■ Problem details
Select, from the data, each line where "angle" occurs.

◇ ◇ ◇ ◇

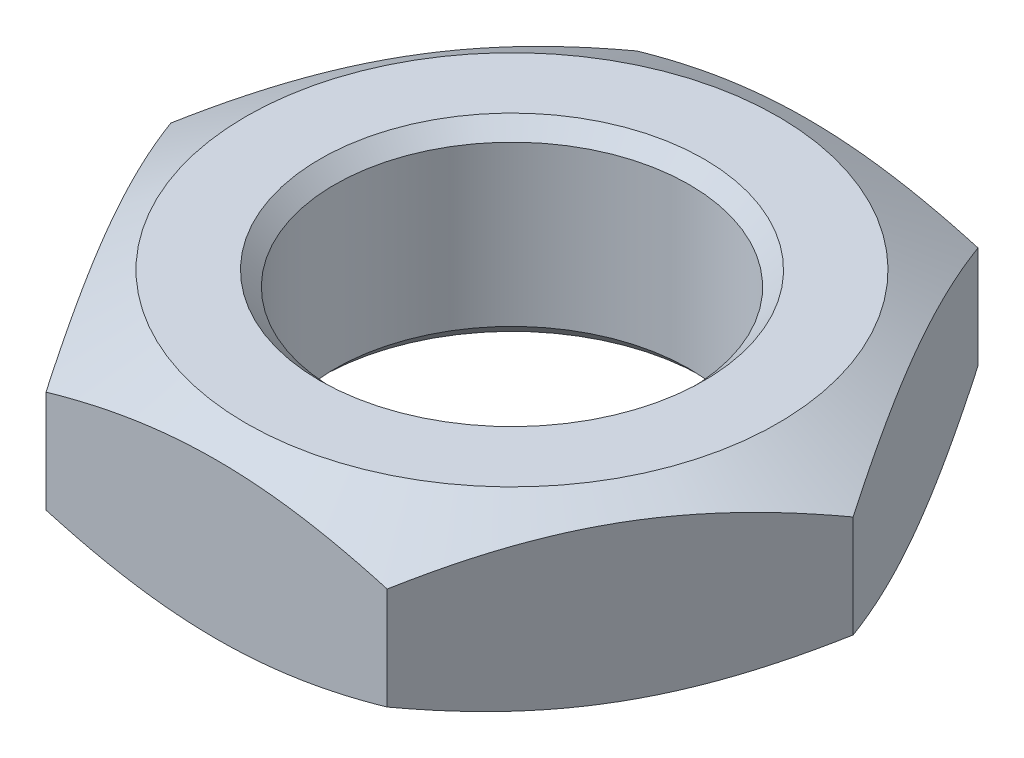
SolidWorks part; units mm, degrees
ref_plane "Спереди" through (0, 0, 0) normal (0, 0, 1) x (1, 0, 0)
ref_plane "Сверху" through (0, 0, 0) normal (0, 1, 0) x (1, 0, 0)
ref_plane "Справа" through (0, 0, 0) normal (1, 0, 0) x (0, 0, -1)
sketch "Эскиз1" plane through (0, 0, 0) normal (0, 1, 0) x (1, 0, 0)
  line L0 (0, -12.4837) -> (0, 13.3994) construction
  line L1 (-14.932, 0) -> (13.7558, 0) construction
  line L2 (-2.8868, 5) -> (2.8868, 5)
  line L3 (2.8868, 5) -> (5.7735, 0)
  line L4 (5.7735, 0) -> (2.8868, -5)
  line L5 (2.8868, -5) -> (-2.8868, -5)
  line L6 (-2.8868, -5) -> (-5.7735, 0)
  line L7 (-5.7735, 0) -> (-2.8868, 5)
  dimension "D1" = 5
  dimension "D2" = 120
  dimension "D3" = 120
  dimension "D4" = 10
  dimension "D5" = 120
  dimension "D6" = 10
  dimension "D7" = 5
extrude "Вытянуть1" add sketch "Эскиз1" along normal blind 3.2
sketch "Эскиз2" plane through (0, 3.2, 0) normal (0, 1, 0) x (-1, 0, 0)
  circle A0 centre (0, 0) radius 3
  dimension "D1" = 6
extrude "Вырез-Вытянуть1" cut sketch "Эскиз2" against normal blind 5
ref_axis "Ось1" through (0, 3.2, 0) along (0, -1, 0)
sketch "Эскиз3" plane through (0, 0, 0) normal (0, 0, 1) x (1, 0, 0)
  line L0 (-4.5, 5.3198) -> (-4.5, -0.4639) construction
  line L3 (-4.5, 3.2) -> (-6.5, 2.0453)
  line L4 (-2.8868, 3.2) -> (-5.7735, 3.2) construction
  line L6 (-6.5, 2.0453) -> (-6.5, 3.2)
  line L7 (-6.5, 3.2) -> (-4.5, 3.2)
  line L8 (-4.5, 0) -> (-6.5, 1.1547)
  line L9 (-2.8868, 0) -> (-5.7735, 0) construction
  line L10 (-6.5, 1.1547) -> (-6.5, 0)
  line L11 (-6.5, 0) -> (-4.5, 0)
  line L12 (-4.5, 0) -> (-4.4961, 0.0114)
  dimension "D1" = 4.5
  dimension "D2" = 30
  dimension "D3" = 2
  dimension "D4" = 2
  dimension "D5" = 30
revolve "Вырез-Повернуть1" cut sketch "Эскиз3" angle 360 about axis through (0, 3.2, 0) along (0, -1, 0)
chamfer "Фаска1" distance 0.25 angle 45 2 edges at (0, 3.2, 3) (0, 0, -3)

◇ ◇ ◇ ◇

■ Your response
revolve "Вырез-Повернуть1" cut sketch "Эскиз3" angle 360 about axis through (0, 3.2, 0) along (0, -1, 0)
chamfer "Фаска1" distance 0.25 angle 45 2 edges at (0, 3.2, 3) (0, 0, -3)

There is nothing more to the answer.